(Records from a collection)
######

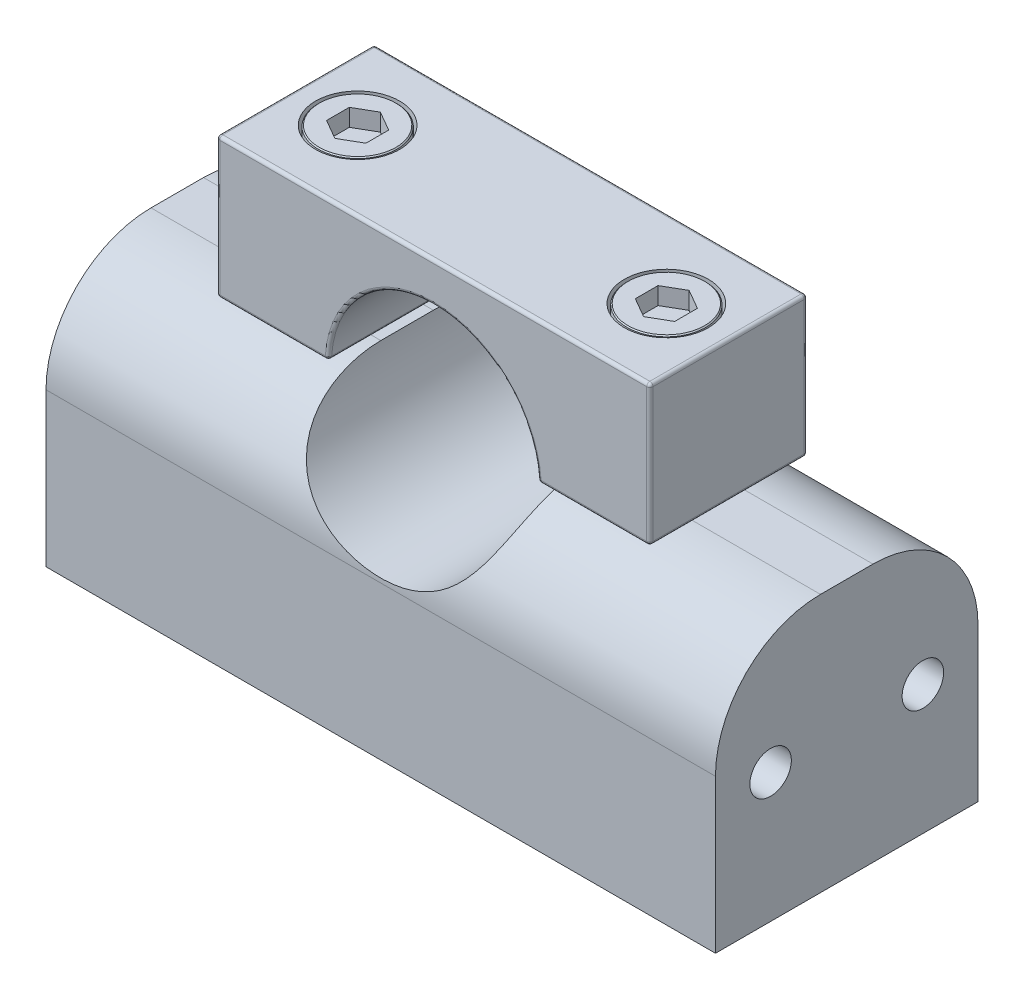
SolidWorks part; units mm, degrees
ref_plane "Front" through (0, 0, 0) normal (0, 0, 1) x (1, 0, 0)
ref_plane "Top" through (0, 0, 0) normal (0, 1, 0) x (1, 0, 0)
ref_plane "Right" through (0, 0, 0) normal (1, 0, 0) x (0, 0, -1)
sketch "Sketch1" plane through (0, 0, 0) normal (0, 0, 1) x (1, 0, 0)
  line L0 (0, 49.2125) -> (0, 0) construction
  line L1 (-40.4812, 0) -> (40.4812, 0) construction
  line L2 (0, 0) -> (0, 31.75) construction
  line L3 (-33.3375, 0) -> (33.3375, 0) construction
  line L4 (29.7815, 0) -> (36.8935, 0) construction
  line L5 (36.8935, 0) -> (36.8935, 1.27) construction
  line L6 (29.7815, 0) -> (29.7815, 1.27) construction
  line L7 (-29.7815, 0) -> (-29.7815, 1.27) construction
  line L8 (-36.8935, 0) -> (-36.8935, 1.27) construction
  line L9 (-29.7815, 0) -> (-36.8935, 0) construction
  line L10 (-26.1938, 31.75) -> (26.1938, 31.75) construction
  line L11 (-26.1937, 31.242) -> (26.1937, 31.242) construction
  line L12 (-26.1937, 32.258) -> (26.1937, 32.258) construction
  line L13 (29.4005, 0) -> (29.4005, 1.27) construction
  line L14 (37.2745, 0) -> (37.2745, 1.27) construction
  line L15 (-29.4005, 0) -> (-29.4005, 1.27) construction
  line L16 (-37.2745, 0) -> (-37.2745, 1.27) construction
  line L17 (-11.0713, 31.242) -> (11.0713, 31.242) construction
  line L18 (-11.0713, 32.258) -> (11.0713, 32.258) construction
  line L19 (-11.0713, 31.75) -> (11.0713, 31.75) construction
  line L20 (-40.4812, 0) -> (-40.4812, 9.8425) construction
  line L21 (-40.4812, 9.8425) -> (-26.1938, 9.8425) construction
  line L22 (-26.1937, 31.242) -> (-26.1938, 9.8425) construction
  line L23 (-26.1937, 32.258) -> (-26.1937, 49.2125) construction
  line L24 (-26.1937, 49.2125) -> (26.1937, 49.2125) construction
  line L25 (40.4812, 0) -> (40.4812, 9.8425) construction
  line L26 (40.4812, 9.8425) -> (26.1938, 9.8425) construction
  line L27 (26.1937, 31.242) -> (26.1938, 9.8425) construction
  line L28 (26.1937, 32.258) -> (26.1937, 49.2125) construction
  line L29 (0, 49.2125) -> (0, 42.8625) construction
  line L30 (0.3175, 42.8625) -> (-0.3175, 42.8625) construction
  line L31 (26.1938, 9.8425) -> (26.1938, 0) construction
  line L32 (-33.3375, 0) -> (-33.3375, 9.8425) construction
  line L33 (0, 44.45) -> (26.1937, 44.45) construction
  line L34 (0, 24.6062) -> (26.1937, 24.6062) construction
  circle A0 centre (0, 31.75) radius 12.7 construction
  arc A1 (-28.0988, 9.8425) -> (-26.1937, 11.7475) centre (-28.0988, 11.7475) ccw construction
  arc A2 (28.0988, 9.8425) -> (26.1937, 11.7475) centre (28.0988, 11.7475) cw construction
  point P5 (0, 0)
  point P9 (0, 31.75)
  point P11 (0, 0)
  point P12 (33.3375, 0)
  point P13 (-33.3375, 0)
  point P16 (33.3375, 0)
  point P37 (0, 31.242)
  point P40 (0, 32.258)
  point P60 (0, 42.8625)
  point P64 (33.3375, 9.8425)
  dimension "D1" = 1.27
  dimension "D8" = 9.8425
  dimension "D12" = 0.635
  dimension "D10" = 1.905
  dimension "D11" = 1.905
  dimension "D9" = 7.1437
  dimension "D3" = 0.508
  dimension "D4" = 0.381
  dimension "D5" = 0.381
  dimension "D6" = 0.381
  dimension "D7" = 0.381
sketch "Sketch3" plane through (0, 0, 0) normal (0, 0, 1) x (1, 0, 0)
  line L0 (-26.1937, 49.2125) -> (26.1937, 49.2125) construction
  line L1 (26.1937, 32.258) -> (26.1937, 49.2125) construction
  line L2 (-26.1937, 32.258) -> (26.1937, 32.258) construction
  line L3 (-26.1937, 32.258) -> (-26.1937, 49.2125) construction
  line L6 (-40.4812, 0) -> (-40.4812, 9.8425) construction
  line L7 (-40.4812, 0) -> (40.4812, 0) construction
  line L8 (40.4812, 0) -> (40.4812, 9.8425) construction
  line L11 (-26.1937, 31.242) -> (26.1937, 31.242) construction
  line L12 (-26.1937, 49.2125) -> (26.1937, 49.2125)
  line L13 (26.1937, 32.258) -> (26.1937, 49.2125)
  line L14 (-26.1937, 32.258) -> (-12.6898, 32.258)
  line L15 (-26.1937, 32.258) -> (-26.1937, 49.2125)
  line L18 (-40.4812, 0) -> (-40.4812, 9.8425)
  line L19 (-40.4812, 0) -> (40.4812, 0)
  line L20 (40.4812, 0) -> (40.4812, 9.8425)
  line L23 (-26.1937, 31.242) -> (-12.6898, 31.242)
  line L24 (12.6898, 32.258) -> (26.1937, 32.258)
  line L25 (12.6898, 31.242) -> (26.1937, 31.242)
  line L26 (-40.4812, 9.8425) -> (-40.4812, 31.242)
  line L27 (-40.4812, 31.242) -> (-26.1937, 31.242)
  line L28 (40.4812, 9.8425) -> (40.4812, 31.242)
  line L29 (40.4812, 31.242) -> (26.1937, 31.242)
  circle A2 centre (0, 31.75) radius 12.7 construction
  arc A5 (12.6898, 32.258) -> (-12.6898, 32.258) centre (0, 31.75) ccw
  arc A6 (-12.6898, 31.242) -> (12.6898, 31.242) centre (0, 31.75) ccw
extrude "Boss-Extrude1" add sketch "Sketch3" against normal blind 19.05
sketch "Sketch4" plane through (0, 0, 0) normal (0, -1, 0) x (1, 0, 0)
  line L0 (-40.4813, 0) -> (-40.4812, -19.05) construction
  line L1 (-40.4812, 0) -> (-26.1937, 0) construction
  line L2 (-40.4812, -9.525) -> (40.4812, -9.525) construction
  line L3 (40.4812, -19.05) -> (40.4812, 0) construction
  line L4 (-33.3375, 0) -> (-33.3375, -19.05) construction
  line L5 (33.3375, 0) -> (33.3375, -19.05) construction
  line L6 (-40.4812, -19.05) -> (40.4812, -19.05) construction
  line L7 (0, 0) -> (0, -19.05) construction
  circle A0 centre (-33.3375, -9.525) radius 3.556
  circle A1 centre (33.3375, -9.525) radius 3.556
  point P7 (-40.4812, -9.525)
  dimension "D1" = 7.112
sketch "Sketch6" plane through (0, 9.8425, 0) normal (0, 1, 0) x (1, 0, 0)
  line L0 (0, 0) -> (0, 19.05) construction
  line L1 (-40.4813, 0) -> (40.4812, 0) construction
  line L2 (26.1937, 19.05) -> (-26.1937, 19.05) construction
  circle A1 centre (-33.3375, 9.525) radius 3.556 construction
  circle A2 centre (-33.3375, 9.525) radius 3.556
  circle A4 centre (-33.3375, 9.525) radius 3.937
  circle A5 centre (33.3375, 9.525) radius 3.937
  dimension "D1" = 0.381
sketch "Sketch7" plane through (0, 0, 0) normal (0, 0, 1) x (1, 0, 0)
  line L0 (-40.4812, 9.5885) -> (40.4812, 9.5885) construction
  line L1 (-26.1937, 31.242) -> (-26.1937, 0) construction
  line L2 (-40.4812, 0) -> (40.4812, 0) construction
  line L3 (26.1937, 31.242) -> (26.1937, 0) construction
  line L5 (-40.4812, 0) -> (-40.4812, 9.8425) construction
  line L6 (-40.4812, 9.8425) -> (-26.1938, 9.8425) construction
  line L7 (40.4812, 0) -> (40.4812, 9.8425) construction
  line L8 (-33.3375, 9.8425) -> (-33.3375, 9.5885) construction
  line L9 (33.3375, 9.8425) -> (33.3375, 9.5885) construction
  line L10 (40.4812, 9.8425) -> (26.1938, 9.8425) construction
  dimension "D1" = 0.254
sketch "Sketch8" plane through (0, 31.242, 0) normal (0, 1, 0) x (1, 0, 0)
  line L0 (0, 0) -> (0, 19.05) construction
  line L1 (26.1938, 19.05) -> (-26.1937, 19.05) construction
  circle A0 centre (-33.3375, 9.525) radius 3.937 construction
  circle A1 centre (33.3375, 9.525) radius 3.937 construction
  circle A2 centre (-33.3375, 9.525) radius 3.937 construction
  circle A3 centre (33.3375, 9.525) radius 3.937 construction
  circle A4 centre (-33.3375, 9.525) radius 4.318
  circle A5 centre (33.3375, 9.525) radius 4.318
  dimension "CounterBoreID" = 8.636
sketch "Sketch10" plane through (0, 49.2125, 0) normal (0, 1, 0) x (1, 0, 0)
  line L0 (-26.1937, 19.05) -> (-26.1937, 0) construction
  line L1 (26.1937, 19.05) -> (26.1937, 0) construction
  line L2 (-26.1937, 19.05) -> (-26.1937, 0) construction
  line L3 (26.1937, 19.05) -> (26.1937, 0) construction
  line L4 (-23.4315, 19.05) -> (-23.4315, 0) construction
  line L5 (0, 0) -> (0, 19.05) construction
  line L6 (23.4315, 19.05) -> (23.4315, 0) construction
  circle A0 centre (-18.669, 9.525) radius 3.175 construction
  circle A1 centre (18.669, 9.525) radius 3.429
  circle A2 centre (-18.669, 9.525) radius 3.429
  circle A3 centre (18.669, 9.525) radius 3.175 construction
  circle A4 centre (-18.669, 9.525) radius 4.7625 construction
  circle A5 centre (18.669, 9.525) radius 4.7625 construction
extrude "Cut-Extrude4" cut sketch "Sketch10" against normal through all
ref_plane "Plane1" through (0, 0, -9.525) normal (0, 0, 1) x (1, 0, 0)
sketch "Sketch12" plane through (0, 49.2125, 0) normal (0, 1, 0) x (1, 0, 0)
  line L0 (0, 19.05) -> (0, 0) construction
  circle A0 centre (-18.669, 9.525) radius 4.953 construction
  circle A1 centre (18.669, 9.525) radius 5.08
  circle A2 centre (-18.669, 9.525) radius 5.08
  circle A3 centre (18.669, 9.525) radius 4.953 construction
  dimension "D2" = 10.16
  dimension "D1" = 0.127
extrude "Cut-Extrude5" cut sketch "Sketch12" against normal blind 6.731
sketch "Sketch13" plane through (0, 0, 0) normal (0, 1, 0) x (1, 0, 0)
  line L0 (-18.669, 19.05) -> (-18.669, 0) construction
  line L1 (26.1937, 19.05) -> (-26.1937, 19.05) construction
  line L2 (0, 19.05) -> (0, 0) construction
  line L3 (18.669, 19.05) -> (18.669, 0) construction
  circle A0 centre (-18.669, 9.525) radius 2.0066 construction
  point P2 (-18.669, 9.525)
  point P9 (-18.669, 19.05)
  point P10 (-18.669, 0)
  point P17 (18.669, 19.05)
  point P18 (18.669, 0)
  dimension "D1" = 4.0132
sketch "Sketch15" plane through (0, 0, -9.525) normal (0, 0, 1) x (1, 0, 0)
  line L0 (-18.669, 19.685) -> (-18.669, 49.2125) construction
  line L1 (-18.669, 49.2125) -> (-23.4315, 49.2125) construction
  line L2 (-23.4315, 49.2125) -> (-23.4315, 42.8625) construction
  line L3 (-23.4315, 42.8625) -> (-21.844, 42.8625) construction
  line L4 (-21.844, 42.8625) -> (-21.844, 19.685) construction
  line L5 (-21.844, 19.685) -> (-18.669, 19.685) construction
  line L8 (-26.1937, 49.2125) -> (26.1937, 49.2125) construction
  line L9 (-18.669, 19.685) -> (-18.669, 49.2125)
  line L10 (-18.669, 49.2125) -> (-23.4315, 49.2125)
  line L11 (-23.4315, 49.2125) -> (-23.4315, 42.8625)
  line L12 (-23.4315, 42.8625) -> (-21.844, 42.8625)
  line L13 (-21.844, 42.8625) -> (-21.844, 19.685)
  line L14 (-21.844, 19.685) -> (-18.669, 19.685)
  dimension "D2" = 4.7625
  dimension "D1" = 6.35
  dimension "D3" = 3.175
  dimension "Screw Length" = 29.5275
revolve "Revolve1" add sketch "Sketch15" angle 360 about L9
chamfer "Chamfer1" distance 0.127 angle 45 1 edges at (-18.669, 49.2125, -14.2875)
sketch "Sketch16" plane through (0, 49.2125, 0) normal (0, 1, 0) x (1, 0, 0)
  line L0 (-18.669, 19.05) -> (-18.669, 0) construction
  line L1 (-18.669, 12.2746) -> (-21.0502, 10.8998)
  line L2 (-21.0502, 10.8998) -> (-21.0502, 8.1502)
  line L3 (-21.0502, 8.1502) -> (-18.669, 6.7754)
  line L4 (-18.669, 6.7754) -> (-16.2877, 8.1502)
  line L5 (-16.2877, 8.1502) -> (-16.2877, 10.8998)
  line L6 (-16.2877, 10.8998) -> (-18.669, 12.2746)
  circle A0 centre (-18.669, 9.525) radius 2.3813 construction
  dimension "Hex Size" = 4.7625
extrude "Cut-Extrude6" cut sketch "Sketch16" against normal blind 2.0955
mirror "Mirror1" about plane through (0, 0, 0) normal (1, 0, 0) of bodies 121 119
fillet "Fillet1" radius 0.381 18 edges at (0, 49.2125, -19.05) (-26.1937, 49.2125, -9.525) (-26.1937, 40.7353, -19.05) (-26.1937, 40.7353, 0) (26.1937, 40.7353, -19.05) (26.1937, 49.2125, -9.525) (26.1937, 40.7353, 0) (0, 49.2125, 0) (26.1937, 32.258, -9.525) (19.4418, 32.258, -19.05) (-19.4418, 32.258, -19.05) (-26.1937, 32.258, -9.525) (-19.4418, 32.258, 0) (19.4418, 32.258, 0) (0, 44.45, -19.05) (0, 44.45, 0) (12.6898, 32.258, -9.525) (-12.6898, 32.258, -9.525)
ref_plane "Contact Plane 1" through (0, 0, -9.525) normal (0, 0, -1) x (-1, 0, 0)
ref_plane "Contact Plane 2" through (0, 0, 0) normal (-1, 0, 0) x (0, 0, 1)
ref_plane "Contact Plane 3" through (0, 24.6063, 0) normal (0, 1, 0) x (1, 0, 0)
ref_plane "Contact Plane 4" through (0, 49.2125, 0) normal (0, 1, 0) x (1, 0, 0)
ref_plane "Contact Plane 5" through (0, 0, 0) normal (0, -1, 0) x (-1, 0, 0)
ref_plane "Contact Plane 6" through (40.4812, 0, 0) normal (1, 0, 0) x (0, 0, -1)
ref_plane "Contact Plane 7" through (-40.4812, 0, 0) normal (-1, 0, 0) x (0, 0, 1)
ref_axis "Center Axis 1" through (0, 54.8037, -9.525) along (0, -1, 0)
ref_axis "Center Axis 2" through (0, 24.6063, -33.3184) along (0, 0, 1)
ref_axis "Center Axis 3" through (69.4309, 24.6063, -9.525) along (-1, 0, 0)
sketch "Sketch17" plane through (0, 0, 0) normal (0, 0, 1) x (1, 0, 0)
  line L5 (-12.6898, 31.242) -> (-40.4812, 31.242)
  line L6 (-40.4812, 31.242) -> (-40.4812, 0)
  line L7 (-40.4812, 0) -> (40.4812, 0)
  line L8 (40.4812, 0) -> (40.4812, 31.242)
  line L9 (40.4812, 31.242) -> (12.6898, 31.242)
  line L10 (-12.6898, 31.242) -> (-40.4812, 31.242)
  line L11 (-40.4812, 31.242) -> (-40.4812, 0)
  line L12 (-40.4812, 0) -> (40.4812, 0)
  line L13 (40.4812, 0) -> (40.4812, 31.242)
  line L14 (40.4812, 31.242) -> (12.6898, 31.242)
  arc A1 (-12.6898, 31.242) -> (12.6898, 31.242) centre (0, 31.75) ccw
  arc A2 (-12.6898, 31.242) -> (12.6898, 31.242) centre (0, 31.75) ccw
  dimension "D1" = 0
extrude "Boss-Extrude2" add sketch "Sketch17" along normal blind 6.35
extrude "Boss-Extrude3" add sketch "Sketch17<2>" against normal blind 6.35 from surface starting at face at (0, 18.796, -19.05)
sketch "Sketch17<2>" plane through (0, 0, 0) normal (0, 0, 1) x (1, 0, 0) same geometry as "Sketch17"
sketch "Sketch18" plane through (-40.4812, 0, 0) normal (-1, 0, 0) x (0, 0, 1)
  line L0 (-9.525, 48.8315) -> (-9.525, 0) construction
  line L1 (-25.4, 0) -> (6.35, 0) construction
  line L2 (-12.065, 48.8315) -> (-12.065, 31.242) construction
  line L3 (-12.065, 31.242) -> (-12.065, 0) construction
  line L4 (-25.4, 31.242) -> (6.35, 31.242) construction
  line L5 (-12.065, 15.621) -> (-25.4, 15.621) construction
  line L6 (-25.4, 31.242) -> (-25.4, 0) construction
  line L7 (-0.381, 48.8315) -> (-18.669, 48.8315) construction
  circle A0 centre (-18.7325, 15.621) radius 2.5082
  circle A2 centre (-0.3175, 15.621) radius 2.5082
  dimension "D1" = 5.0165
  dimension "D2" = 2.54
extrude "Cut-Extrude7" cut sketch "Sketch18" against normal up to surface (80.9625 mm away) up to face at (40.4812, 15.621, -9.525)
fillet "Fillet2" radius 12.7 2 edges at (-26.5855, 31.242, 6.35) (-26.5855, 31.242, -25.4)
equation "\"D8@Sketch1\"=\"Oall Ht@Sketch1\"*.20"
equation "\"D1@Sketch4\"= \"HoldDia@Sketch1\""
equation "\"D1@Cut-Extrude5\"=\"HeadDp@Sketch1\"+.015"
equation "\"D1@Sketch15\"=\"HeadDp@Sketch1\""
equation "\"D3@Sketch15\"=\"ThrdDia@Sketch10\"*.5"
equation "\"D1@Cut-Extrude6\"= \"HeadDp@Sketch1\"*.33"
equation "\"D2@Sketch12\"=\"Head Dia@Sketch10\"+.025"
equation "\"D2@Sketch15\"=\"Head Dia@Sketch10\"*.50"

######

PROBLEM: Going through the data above, return each line with the word "Center".

EXERCISE SOLUTION:
ref_axis "Center Axis 1" through (0, 54.8037, -9.525) along (0, -1, 0)
ref_axis "Center Axis 2" through (0, 24.6063, -33.3184) along (0, 0, 1)
ref_axis "Center Axis 3" through (69.4309, 24.6063, -9.525) along (-1, 0, 0)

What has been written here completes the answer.